Monday, November 21, 2011

Entertainment outside the field

Michael Moynihan

SUNDAY and an afternoon in Killarney. Cloudy and clammy at the fag end of November, but still Killarney.

The headline event — Kilmurry-Ibrickane versus Dr Crokes in the Munster club SFC – was being held over the road from Fitzgerald Stadium at the Kerry county champions’ home ground, a sleek setting for a slick outfit. The playing surface was manicured: a bright, healthy, season-defying green.

Curious, the odds and ends that catch your eye at a game in the dead days of the year: the giggling girls selling sweets off a committee table near the side of the pitch; the new fashion statement – common to many club followers, we have noticed — whereby you put the club jersey underneath a thin hoodie; the odd clank of a ball hitting the advertising hoards along the side of the field; the rainbow of high-visibility jackets in varying shades of day-glo yellow and orange; the way all earthly authority falls back before those jackets, if you threw one on it’d be sufficient to get access to the Oval Office, never mind pitchside at a GAA game.

And everywhere, in your face and up your nose, the healthy zip of youth.
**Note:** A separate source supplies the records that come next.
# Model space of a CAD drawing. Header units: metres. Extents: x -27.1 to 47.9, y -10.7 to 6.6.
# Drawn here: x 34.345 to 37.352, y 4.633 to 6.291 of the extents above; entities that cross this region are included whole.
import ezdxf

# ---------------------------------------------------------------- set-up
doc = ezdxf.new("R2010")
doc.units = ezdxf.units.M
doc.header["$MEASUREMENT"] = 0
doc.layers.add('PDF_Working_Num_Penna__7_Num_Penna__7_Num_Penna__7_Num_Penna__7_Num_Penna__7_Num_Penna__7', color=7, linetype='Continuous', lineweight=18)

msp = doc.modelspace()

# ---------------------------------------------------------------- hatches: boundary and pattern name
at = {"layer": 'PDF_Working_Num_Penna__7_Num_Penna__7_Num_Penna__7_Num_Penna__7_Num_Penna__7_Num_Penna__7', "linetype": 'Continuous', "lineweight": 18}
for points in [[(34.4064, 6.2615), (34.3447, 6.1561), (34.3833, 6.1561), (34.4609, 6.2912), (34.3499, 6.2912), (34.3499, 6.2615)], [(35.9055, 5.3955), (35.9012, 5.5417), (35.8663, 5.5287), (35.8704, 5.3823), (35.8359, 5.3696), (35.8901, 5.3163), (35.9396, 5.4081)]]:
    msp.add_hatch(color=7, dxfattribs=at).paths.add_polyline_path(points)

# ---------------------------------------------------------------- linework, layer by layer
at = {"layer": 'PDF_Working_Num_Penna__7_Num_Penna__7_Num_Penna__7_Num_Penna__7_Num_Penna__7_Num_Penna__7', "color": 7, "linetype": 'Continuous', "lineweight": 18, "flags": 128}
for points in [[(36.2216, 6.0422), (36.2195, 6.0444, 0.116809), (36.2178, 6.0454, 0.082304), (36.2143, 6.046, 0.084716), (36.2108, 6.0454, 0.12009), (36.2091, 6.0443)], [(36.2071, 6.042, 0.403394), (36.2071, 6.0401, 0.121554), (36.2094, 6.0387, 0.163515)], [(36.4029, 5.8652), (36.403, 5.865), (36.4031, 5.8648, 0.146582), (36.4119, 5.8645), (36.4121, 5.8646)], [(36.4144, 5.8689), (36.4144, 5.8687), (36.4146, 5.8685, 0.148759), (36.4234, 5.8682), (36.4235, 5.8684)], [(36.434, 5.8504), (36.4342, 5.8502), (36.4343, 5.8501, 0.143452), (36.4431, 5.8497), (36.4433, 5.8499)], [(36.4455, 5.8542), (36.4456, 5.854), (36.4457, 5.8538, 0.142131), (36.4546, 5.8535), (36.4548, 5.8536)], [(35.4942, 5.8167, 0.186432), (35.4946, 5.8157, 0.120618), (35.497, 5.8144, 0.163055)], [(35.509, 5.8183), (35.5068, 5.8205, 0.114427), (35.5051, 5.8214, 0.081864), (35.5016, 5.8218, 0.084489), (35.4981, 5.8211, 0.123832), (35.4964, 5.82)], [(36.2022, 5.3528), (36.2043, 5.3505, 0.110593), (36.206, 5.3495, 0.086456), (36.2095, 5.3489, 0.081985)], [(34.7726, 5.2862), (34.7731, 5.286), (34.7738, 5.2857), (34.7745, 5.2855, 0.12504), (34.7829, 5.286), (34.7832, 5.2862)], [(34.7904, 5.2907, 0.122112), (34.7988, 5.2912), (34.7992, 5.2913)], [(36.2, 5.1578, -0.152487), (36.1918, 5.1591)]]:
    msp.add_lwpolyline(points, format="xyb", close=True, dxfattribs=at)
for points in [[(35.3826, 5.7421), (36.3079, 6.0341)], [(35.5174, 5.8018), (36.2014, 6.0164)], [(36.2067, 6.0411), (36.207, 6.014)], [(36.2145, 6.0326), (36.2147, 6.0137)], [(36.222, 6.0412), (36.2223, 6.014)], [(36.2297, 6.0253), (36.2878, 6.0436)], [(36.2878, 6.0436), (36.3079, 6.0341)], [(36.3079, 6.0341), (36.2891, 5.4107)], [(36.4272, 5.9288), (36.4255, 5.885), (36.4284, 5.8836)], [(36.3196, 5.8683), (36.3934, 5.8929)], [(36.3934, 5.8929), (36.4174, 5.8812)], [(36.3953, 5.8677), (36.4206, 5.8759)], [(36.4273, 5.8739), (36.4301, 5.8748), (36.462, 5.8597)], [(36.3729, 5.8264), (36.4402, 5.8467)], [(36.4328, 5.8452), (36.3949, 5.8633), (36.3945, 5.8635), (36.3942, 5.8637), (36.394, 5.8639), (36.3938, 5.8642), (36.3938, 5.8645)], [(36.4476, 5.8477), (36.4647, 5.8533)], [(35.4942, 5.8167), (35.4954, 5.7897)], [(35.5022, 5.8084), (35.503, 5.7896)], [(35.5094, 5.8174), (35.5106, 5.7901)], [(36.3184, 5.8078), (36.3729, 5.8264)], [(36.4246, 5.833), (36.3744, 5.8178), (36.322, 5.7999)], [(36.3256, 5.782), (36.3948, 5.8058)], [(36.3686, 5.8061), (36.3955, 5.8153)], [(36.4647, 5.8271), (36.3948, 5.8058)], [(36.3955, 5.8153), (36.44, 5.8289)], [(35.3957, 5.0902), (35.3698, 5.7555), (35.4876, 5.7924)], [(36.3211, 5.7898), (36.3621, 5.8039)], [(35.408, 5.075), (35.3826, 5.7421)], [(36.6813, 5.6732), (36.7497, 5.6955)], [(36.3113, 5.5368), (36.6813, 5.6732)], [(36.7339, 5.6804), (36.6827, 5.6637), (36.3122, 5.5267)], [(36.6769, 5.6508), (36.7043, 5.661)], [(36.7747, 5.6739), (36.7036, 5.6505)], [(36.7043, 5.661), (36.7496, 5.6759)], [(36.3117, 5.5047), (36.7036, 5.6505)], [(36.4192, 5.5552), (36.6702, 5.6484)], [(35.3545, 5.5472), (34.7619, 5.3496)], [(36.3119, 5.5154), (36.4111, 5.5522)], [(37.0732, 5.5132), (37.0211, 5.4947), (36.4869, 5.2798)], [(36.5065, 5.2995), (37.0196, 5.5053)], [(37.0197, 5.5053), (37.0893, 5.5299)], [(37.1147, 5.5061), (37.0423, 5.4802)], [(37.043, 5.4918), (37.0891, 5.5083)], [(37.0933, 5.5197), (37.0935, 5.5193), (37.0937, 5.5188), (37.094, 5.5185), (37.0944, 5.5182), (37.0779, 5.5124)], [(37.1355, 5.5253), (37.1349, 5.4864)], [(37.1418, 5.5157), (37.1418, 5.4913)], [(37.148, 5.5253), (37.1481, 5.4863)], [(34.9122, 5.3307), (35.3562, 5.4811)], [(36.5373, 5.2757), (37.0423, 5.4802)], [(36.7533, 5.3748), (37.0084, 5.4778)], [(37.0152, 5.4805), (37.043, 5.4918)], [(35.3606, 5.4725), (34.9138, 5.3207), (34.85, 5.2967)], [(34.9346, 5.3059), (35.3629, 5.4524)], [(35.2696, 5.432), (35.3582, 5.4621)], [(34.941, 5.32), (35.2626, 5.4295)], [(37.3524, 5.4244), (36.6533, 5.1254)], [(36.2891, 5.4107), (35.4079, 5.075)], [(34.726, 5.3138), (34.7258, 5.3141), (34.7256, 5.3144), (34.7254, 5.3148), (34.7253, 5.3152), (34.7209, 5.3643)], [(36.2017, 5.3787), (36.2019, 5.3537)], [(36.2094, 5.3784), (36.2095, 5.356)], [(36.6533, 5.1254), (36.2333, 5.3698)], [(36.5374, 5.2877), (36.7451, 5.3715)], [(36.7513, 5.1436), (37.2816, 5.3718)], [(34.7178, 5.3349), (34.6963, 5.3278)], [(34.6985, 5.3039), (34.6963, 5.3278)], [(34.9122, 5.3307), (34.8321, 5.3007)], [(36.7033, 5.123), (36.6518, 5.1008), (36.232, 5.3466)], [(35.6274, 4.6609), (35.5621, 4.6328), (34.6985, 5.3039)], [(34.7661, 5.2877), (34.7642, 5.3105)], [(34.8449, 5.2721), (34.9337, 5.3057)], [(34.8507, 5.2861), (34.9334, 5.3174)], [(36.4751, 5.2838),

You take it for granted in the flash and heat of summer, when everyone feels reasonably ship-shape, but in near-December? The clean jawlines of the players and the bouncing strides across the turf are enough to make the less athletic among us shake the head and let the stomach relax.

Some of those players bounce a bit higher than others, of course. The visitors from west Clare – and there were plenty of them – were inclined to lean on one solid ‘U’ vowel in their conversations coming into the Dr Crokes facility, the double ‘O’ of Colm Cooper’s nickname.

It was maybe significant, then, that a crowd of cognoscenti in the green and red of Kilmurry leaned on the perimeter fence to keep an eye on their opponents’ warm-up, and several of them seemed to be keeping an eye out for the red-headed forward. That was the name in heavy circulation there, at least.

That may not have been the case, of course: when Kilmurry-Ibrickane came in after their warm-up they jogged past the men on fence, who met them with a warm round of applause.

You can read the account of the game elsewhere here, and entertaining it was, too. The above tells you there was the requisite entertainment beforehand as well. Try getting to a game early the next time and see for yourself.

If you keep your eyes open, you may even spot one of those moments that show you what sport is truly about. Michael McCarthy of Kilmurry was being lifted into an ambulance at half time when Harry O’Neill, the Crokes manager, came over to wish him well before heading into the dressing room.

A small gesture and a big gesture, all at the same time.